### SUPPLIED RECORDS
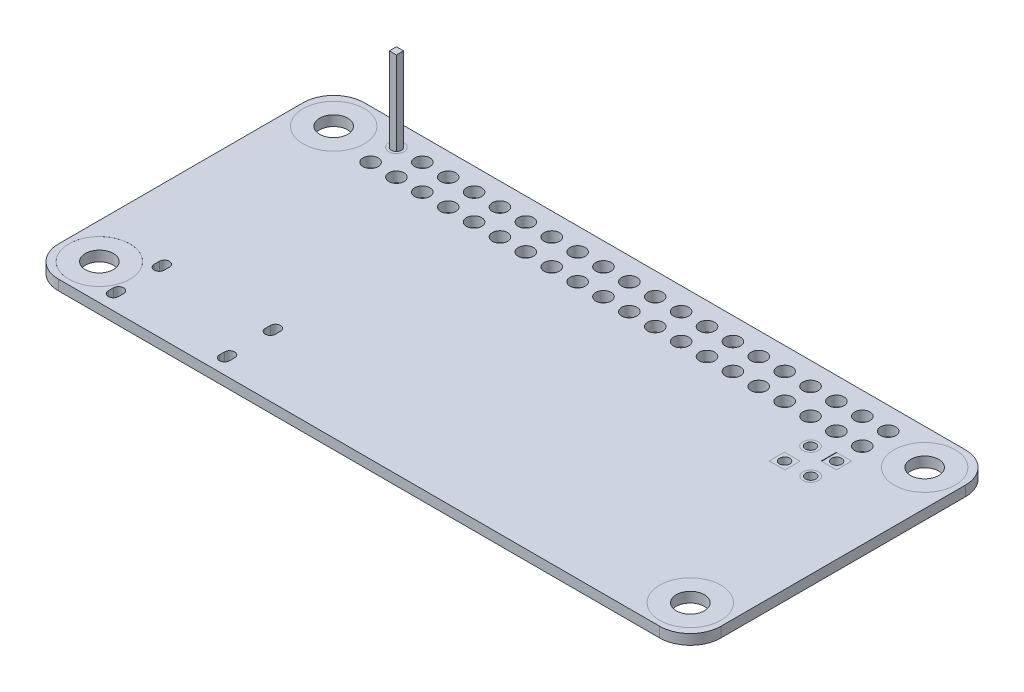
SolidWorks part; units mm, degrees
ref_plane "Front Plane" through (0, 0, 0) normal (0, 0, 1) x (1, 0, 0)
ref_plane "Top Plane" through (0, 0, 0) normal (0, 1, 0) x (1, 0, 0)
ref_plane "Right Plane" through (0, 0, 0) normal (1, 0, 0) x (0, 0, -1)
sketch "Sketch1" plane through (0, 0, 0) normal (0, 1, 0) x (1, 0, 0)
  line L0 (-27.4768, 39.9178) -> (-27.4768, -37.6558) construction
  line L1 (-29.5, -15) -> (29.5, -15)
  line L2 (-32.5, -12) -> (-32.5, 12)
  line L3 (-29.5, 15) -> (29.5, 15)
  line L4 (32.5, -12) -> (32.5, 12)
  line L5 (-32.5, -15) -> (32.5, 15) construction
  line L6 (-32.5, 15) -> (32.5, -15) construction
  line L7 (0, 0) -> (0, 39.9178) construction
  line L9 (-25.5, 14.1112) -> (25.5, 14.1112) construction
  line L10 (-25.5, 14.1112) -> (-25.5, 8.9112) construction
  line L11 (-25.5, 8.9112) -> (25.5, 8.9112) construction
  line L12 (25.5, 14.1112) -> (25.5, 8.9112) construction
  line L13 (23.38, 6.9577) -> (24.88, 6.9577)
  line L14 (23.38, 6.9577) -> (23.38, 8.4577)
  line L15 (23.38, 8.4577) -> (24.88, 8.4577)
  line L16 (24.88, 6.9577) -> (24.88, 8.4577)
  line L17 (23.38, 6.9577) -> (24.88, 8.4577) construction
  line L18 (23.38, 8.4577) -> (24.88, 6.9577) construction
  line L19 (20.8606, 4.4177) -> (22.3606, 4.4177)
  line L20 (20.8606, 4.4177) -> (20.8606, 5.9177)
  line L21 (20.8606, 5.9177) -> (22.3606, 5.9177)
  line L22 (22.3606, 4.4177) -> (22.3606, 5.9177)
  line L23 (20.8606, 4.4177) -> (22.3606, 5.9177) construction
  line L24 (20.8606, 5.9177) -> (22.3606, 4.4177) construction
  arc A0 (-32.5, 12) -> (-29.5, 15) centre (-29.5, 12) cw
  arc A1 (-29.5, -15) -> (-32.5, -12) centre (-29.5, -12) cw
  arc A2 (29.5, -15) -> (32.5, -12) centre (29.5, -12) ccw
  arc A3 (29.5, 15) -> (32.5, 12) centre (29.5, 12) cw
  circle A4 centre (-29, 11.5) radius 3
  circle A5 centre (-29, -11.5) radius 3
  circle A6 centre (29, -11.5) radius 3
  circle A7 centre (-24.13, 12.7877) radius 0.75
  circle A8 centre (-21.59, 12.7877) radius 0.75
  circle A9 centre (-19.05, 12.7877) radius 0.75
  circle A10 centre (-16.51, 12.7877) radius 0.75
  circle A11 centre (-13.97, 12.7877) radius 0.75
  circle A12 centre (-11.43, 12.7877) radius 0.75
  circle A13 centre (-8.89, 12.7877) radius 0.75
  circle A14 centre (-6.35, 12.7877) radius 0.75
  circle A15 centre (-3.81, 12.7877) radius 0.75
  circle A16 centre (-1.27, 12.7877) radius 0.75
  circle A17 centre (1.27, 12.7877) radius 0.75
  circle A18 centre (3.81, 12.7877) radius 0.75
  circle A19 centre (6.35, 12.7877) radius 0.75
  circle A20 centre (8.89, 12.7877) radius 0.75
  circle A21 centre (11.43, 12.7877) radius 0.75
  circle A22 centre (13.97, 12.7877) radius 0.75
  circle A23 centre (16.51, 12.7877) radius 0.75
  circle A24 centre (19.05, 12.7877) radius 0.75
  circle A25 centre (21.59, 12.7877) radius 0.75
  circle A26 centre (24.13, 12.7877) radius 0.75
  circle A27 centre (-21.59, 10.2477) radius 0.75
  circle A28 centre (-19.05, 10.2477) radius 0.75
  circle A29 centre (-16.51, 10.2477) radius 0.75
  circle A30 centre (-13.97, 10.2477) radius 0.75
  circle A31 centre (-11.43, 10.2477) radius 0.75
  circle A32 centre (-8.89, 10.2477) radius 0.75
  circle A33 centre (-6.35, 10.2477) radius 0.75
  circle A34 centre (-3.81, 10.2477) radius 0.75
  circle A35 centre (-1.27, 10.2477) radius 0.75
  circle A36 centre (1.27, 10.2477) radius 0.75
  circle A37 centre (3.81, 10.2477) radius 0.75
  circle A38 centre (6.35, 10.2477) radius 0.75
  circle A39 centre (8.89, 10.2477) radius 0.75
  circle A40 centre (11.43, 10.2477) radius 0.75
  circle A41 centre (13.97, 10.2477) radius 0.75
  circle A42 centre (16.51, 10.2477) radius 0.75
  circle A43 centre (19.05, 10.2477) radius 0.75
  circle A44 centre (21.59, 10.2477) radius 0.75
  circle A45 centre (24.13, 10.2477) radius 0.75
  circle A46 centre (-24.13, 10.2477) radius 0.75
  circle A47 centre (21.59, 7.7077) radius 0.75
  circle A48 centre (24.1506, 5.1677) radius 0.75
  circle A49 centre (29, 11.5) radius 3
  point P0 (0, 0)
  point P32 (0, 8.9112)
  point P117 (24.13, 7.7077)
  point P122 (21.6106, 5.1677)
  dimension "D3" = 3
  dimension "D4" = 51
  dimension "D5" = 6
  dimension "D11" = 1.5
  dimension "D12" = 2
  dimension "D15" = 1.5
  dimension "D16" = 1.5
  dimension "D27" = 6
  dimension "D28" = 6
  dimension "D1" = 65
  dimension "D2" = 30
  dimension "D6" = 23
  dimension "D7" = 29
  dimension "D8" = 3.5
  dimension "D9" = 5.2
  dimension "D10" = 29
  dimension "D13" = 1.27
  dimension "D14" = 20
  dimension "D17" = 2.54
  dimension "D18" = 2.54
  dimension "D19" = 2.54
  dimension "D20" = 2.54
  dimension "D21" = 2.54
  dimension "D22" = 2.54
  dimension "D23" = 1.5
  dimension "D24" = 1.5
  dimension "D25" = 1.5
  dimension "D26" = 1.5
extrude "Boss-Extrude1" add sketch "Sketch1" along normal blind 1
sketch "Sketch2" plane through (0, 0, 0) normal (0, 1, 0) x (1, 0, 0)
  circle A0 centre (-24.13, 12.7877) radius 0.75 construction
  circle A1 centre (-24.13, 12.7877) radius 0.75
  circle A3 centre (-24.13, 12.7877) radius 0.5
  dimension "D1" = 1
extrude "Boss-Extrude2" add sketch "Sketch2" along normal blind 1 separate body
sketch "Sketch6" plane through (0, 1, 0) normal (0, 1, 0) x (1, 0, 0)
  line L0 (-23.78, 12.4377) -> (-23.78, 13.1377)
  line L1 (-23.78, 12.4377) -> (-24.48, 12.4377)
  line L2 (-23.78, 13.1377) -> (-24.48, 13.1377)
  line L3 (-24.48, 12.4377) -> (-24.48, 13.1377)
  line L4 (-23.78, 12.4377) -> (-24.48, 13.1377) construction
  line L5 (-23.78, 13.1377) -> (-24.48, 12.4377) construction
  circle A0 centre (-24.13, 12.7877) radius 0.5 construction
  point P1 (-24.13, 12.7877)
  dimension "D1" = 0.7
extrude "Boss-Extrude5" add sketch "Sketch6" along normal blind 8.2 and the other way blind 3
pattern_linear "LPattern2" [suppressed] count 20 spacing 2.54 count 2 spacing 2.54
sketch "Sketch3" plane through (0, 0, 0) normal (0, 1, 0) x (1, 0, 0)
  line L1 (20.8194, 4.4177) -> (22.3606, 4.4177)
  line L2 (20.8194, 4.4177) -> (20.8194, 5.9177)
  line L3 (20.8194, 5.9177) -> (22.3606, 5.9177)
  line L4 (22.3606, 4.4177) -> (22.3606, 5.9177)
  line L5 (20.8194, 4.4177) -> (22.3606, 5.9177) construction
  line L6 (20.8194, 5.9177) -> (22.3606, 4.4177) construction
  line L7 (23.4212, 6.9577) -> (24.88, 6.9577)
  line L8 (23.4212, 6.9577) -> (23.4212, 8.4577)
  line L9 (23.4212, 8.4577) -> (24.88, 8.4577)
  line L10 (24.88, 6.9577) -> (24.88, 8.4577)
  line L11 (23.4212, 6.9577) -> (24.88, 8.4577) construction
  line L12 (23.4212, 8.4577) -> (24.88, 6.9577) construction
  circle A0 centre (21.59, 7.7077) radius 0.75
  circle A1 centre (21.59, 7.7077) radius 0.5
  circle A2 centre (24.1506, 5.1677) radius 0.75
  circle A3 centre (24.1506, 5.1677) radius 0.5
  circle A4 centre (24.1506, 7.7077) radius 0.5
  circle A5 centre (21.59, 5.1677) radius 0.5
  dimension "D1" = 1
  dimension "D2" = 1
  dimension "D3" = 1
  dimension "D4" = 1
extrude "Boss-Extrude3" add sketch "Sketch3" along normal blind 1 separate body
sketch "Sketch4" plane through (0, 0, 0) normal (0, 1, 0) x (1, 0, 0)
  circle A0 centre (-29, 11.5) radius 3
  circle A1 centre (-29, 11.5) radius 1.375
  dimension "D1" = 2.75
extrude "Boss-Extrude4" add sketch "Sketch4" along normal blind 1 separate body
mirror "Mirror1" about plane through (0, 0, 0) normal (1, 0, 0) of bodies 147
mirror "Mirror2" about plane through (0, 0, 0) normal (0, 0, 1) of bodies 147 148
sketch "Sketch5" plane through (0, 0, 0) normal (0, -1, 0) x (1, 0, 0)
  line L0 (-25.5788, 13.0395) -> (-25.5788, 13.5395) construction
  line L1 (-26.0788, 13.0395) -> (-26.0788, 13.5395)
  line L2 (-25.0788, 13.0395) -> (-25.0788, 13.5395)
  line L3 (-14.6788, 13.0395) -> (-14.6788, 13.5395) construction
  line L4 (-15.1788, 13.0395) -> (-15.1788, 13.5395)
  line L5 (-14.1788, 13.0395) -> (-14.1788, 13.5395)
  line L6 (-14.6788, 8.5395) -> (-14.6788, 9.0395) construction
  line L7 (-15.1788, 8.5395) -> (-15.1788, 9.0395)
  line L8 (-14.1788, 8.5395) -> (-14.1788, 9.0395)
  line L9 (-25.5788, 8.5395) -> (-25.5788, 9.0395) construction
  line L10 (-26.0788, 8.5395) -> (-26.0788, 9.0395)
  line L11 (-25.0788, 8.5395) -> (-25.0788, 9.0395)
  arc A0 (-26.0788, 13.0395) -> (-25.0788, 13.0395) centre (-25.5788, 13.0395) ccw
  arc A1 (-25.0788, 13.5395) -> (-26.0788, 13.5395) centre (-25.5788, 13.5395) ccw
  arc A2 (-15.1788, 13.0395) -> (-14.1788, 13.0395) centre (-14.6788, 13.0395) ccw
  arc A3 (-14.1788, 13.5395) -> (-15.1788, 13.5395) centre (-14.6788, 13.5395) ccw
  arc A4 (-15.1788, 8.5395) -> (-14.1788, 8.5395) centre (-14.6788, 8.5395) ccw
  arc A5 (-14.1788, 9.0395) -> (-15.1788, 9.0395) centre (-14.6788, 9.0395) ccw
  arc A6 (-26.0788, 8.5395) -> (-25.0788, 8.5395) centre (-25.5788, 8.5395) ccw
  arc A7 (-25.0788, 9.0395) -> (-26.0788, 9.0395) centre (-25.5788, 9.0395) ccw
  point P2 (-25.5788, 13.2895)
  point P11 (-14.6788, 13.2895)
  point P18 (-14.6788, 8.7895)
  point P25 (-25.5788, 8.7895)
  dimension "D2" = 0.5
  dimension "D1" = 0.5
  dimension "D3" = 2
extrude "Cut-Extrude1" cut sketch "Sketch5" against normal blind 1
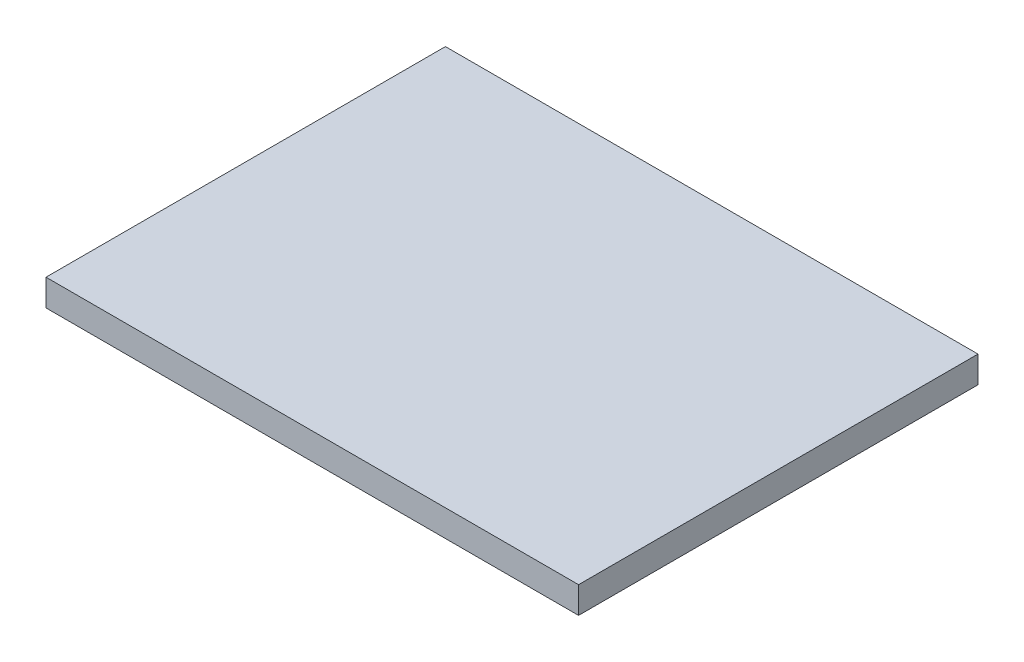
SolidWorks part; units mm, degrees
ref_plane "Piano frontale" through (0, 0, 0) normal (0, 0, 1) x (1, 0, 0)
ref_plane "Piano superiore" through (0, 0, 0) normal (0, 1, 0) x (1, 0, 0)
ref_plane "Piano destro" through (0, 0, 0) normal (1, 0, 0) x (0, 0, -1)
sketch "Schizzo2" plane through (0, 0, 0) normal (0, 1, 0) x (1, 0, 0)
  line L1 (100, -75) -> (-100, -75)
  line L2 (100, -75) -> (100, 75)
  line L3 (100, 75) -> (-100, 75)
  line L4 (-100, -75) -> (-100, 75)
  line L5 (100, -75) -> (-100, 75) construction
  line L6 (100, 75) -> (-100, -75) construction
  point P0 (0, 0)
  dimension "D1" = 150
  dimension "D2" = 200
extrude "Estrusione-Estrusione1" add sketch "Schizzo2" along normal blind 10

### WORK TO BE COMPLETED
Transcribe the lines above between the line holding "circle A11 centre" and the line holding "circle A47 centre", inclusive, exactly as they stand and with nothing added.

### REPLY TO THE EXERCISE
  circle A11 centre (-13.97, 12.7877) radius 0.75
  circle A12 centre (-11.43, 12.7877) radius 0.75
  circle A13 centre (-8.89, 12.7877) radius 0.75
  circle A14 centre (-6.35, 12.7877) radius 0.75
  circle A15 centre (-3.81, 12.7877) radius 0.75
  circle A16 centre (-1.27, 12.7877) radius 0.75
  circle A17 centre (1.27, 12.7877) radius 0.75
  circle A18 centre (3.81, 12.7877) radius 0.75
  circle A19 centre (6.35, 12.7877) radius 0.75
  circle A20 centre (8.89, 12.7877) radius 0.75
  circle A21 centre (11.43, 12.7877) radius 0.75
  circle A22 centre (13.97, 12.7877) radius 0.75
  circle A23 centre (16.51, 12.7877) radius 0.75
  circle A24 centre (19.05, 12.7877) radius 0.75
  circle A25 centre (21.59, 12.7877) radius 0.75
  circle A26 centre (24.13, 12.7877) radius 0.75
  circle A27 centre (-21.59, 10.2477) radius 0.75
  circle A28 centre (-19.05, 10.2477) radius 0.75
  circle A29 centre (-16.51, 10.2477) radius 0.75
  circle A30 centre (-13.97, 10.2477) radius 0.75
  circle A31 centre (-11.43, 10.2477) radius 0.75
  circle A32 centre (-8.89, 10.2477) radius 0.75
  circle A33 centre (-6.35, 10.2477) radius 0.75
  circle A34 centre (-3.81, 10.2477) radius 0.75
  circle A35 centre (-1.27, 10.2477) radius 0.75
  circle A36 centre (1.27, 10.2477) radius 0.75
  circle A37 centre (3.81, 10.2477) radius 0.75
  circle A38 centre (6.35, 10.2477) radius 0.75
  circle A39 centre (8.89, 10.2477) radius 0.75
  circle A40 centre (11.43, 10.2477) radius 0.75
  circle A41 centre (13.97, 10.2477) radius 0.75
  circle A42 centre (16.51, 10.2477) radius 0.75
  circle A43 centre (19.05, 10.2477) radius 0.75
  circle A44 centre (21.59, 10.2477) radius 0.75
  circle A45 centre (24.13, 10.2477) radius 0.75
  circle A46 centre (-24.13, 10.2477) radius 0.75
  circle A47 centre (21.59, 7.7077) radius 0.75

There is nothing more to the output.